■ Task brief ■
Go through the entries below and copy each line that holds the word "mpclib".

■ Raw data ■

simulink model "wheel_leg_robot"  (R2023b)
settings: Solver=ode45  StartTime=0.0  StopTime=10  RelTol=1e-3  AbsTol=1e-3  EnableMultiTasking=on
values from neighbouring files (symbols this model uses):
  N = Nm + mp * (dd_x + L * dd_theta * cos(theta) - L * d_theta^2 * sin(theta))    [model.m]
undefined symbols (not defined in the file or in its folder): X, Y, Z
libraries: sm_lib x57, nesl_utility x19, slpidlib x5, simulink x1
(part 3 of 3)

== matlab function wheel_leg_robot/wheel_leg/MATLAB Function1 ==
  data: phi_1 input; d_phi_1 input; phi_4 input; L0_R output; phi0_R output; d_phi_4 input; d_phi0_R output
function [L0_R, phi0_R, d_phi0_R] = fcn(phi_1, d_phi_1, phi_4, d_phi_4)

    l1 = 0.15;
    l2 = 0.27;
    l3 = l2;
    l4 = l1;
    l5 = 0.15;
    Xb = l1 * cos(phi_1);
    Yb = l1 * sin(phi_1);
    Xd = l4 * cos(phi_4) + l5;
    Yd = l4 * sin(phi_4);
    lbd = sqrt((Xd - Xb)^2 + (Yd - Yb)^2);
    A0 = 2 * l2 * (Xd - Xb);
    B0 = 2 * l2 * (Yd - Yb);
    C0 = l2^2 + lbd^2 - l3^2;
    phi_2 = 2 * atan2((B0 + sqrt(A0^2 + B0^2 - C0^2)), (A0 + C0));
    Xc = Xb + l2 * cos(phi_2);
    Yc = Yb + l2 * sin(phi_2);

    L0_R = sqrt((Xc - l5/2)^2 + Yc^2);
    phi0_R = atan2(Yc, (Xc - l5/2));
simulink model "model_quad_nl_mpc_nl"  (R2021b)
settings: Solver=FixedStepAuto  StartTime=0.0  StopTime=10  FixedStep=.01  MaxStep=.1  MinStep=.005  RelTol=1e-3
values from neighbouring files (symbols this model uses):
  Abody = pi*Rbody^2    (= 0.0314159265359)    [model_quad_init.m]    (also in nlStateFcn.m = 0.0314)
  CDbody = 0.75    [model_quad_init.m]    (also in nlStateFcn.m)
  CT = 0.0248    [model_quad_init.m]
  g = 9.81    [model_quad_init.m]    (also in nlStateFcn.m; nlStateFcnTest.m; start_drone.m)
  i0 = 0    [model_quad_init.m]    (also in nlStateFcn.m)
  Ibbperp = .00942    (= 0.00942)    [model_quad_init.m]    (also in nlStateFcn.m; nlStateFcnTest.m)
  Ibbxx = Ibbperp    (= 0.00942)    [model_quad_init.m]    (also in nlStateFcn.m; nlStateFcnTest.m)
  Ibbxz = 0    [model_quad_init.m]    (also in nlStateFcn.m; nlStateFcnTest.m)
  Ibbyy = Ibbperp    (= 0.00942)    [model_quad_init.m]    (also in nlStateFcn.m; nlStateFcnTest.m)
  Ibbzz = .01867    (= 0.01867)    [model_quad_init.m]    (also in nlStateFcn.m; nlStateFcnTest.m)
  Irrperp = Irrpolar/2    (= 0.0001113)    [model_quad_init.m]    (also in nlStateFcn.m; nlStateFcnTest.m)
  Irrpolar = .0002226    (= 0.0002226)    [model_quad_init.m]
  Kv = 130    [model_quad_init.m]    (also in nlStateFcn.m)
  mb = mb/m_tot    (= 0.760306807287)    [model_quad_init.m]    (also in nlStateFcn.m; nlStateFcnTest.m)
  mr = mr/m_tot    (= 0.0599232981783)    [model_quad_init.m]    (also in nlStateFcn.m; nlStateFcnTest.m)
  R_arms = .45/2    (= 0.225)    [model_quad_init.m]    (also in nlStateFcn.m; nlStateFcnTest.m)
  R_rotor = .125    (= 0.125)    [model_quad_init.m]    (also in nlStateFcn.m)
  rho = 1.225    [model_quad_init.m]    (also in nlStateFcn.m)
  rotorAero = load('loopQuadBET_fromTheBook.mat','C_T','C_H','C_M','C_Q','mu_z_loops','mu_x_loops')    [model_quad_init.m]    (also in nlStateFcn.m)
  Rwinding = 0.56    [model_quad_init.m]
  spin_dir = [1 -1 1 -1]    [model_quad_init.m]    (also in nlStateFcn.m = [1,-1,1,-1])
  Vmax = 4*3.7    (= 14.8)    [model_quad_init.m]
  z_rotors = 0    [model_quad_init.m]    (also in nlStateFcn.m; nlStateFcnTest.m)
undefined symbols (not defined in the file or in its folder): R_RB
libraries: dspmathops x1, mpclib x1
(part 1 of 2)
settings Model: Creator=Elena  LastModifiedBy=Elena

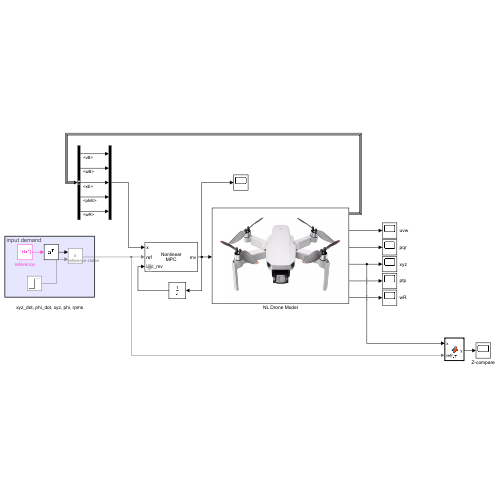
[thumbnail: Simulink's stored preview of the top-level diagram]
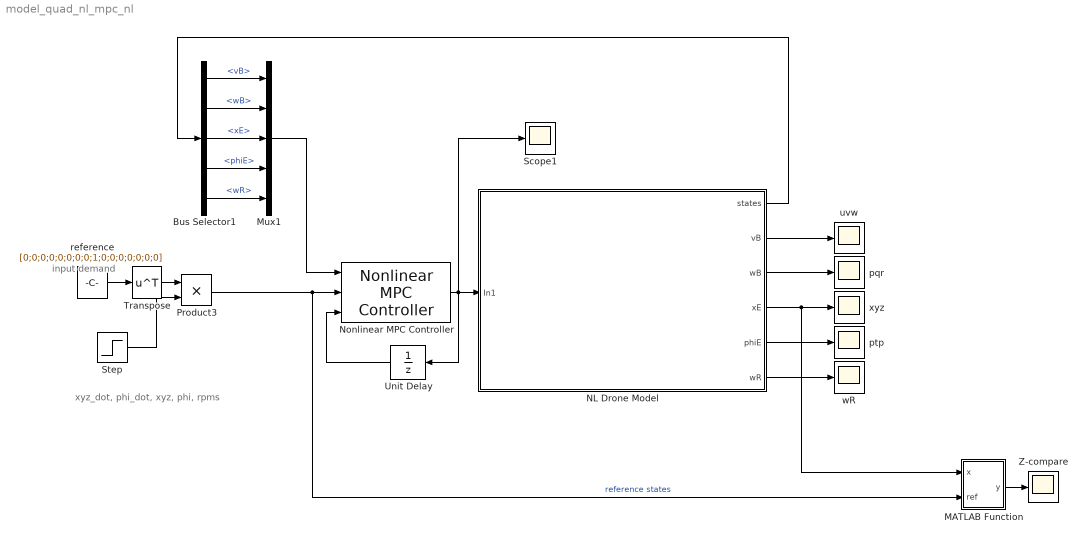
== system model_quad_nl_mpc_nl ==
  note: input demand
  note: xyz_dot, phi_dot, xyz, phi, rpms
  Bus Selector1 : BusSelector  OutputSignals=vB,wB,xE,phiE,wR
  MATLAB Function : MATLAB Function  TreatAsAtomicUnit=on
  Mux1 : Mux  Inputs=5
  NL Drone Model : Subsystem
      mask Display: image('drone_model.png'); % Use "Edit Image" on toolstrip to change.
  Nonlinear MPC Controller : mpclib/Nonlinear MPC Controller  nlmpcobj=nlobj  UseObjectTs=on  UseMEX=off  md_enabled=off  mvtarget_enabled=off  param_enabled=off  cost_enabled=off  mvseq_enabled=off  stateseq_enabled=off  ovseq_enabled=off  slack_enabled=off  status_enabled=off  ov_min=off  ov_max=off  mv_min=off  mv_max=off  mvrate_min=off  mvrate_max=off  state_min=off  state_max=off  ov_weight=off  mv_weight=off  mvrate_weight=off  ecr_weight=off  nlp_initialize=off
  Product3 : Product
  Scope1 : Scope
  Step : Step  SampleTime=0
  Transpose : Math  Operator=transpose  SaturateOnIntegerOverflow=on
  Unit Delay : UnitDelay  SampleTime=-1  HasFrameUpgradeWarning=on
  Z-compare : Scope
  pqr : Scope
  ptp : Scope
  reference : Constant  Value=[0;0;0;0;0;0;0;0;1;0;0;0;0;0;0;0]
  uvw : Scope
  wR : Scope
  xyz : Scope
  wires:
  reference/1 -> Transpose/1
  Step/1 -> Product3/2
  NL Drone Model/4(xE) -> xyz/1, MATLAB Function/1(x)
  Product3/1 -> MATLAB Function/2(ref), Nonlinear MPC Controller/2  "reference states"
  NL Drone Model/1(states) -> Bus Selector1/1
  Bus Selector1/1 -> Mux1/1  "<vB>"
  Bus Selector1/2 -> Mux1/2  "<wB>"
  Bus Selector1/3 -> Mux1/3  "<xE>"
  Bus Selector1/4 -> Mux1/4  "<phiE>"
  Bus Selector1/5 -> Mux1/5  "<wR>"
  Mux1/1 -> Nonlinear MPC Controller/1
  Nonlinear MPC Controller/1 -> Unit Delay/1, NL Drone Model/1(In1), Scope1/1
  MATLAB Function/1(y) -> Z-compare/1
  Unit Delay/1 -> Nonlinear MPC Controller/3
  Transpose/1 -> Product3/1
  NL Drone Model/2(vB) -> uvw/1
  NL Drone Model/3(wB) -> pqr/1
  NL Drone Model/5(phiE) -> ptp/1
  NL Drone Model/6(wR) -> wR/1

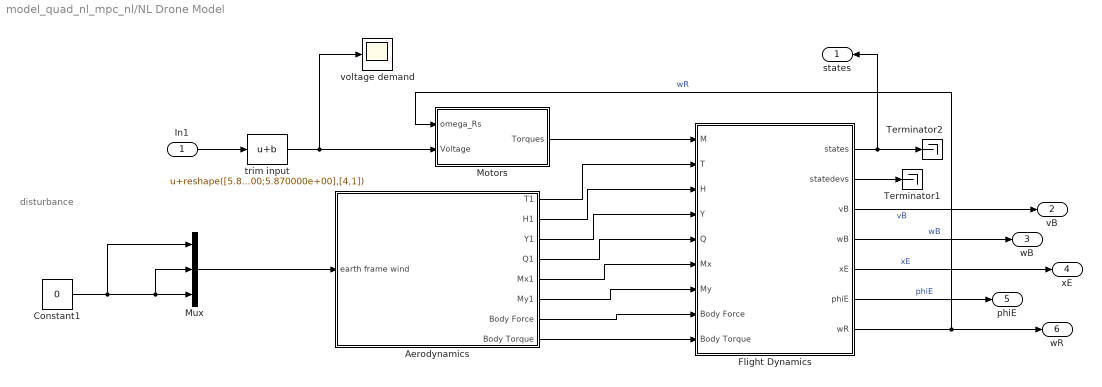
== system model_quad_nl_mpc_nl/NL Drone Model ==
  note: disturbance
  In1 : Inport
  Aerodynamics : Subsystem
  Constant1 : Constant  Value=0
  Flight Dynamics : Subsystem
  Motors : Subsystem
  Mux : Mux  Inputs=3
  Terminator1 : Terminator
  Terminator2 : Terminator
  trim input : Bias  Bias=reshape([5.870000e+00;5.870000e+00;5.870000e+00;5.870000e+00],[4,1])
  voltage demand : Scope
  states : Outport
  vB : Outport  Port=2
  wB : Outport  Port=3
  xE : Outport  Port=4
  phiE : Outport  Port=5
  wR : Outport  Port=6
  wires:
  Aerodynamics/1(T1) -> Flight Dynamics/2(T)
  Flight Dynamics/7(wR) -> wR/1, Motors/1(omega_Rs)  "wR"
  Aerodynamics/6(My1) -> Flight Dynamics/7(My)
  Aerodynamics/2(H1) -> Flight Dynamics/3(H)
  Constant1/1 -> Mux/1, Mux/2, Mux/3
  Aerodynamics/4(Q1) -> Flight Dynamics/5(Q)
  Flight Dynamics/6(phiE) -> phiE/1  "phiE"
  Aerodynamics/7(Body Force) -> Flight Dynamics/8(Body Force)
  Aerodynamics/5(Mx1) -> Flight Dynamics/6(Mx)
  Aerodynamics/8(Body Torque) -> Flight Dynamics/9(Body Torque)
  Flight Dynamics/4(wB) -> wB/1  "wB"
  Flight Dynamics/1(states) -> states/1, Terminator2/1
  Flight Dynamics/2(statedevs) -> Terminator1/1
  Motors/1(Torques) -> Flight Dynamics/1(M)
  Aerodynamics/3(Y1) -> Flight Dynamics/4(Y)
  trim input/1 -> Motors/2(Voltage), voltage demand/1
  In1/1 -> trim input/1
  Mux/1 -> Aerodynamics/1(earth frame wind)
  Flight Dynamics/5(xE) -> xE/1  "xE"
  Flight Dynamics/3(vB) -> vB/1  "vB"

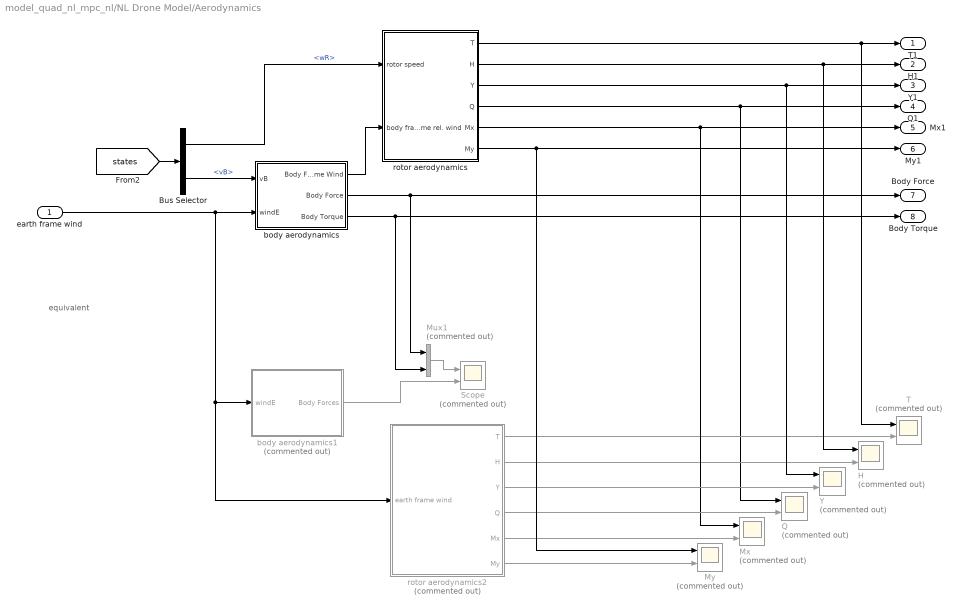
== system model_quad_nl_mpc_nl/NL Drone Model/Aerodynamics ==
  note: equivalent
  earth frame wind : Inport
  Bus Selector : BusSelector  OutputSignals=wR,vB
  H : Scope  Commented=on  NumInputPorts=2
  Mux1 : Mux  Commented=on  Inputs=2
  Mx : Scope  Commented=on  NumInputPorts=2
  My : Scope  Commented=on  NumInputPorts=2
  Q : Scope  Commented=on  NumInputPorts=2
  Scope : Scope  Commented=on  NumInputPorts=2
  T : Scope  Commented=on  NumInputPorts=2
  Y : Scope  Commented=on  NumInputPorts=2
  body aerodynamics : Subsystem
  body aerodynamics1 : Subsystem  Commented=on
  rotor aerodynamics : Subsystem
  rotor aerodynamics2 : Subsystem  Commented=on
  T1 : Outport
  H1 : Outport  Port=2
  Y1 : Outport  Port=3
  Q1 : Outport  Port=4
  Mx1 : Outport  Port=5
  My1 : Outport  Port=6
  Body Force : Outport  Port=7
  Body Torque : Outport  Port=8
  wires:
  rotor aerodynamics/4(Q) -> Q1/1, Q/1
  rotor aerodynamics2/1(T) -> T/2
  earth frame wind/1 -> rotor aerodynamics2/1(earth frame wind), body aerodynamics1/1(windE), body aerodynamics/2(windE)
  Bus Selector/2 -> body aerodynamics/1(vB)  "<vB>"
  rotor aerodynamics2/2(H) -> H/2
  rotor aerodynamics/3(Y) -> Y1/1, Y/1
  rotor aerodynamics/2(H) -> H1/1, H/1
  rotor aerodynamics/5(Mx) -> Mx1/1, Mx/1
  Mux1/1 -> Scope/1
  rotor aerodynamics2/3(Y) -> Y/2
  rotor aerodynamics2/4(Q) -> Q/2
  rotor aerodynamics2/5(Mx) -> Mx/2
  rotor aerodynamics2/6(My) -> My/2
  rotor aerodynamics/6(My) -> My1/1, My/1
  body aerodynamics/1(Body Frame Wind) -> rotor aerodynamics/2(body frame rel. wind)
  body aerodynamics1/1(Body Forces) -> Scope/2
  rotor aerodynamics/1(T) -> T1/1, T/1
  body aerodynamics/3(Body Torque) -> Body Torque/1, Mux1/2
  body aerodynamics/2(Body Force) -> Body Force/1, Mux1/1
  Bus Selector/1 -> rotor aerodynamics/1(rotor speed)  "<wR>"
  [states] -> Bus Selector/1

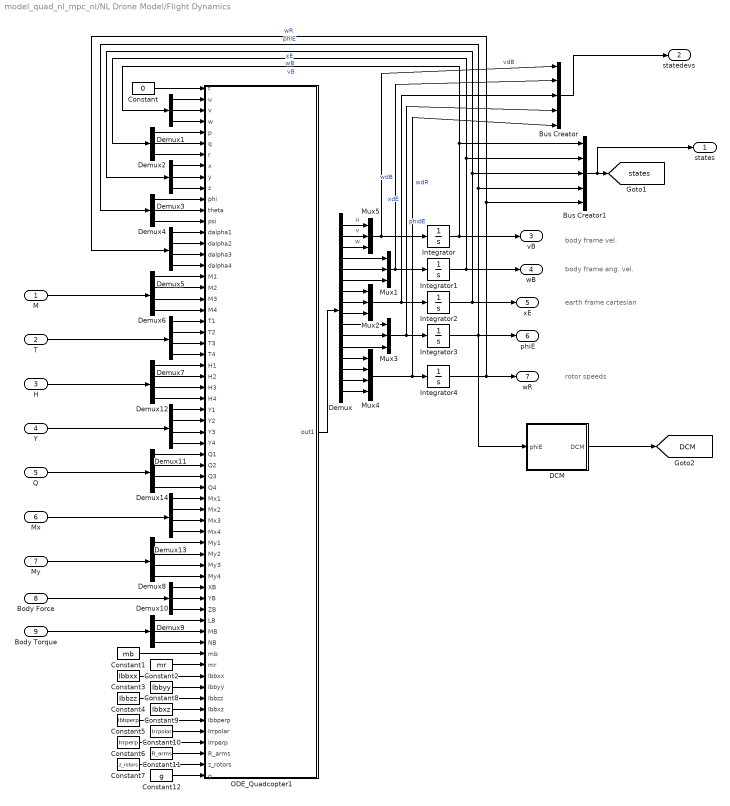
== system model_quad_nl_mpc_nl/NL Drone Model/Flight Dynamics ==
  note: rotor speeds
  note: earth frame cartesian
  note: body frame ang. vel.
  note: body frame vel.
  M : Inport
  T : Inport  Port=2
  H : Inport  Port=3
  Y : Inport  Port=4
  Q : Inport  Port=5
  Mx : Inport  Port=6
  My : Inport  Port=7
  Body Force : Inport  Port=8
  Body Torque : Inport  Port=9
  Bus Creator : BusCreator  Inputs=5
  Bus Creator1 : BusCreator  Inputs=5
  Constant : Constant  Value=0
  Constant1 : Constant  Value=mb
  Constant10 : Constant  Value=Irrpolar
  Constant11 : Constant  Value=R_arms
  Constant12 : Constant  Value=g
  Constant2 : Constant  Value=mr
  Constant3 : Constant  Value=Ibbxx
  Constant4 : Constant  Value=Ibbzz
  Constant5 : Constant  Value=Ibbperp
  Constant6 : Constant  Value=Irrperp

■ Task response ■
libraries: dspmathops x1, mpclib x1
  Nonlinear MPC Controller : mpclib/Nonlinear MPC Controller  nlmpcobj=nlobj  UseObjectTs=on  UseMEX=off  md_enabled=off  mvtarget_enabled=off  param_enabled=off  cost_enabled=off  mvseq_enabled=off  stateseq_enabled=off  ovseq_enabled=off  slack_enabled=off  status_enabled=off  ov_min=off  ov_max=off  mv_min=off  mv_max=off  mvrate_min=off  mvrate_max=off  state_min=off  state_max=off  ov_weight=off  mv_weight=off  mvrate_weight=off  ecr_weight=off  nlp_initialize=off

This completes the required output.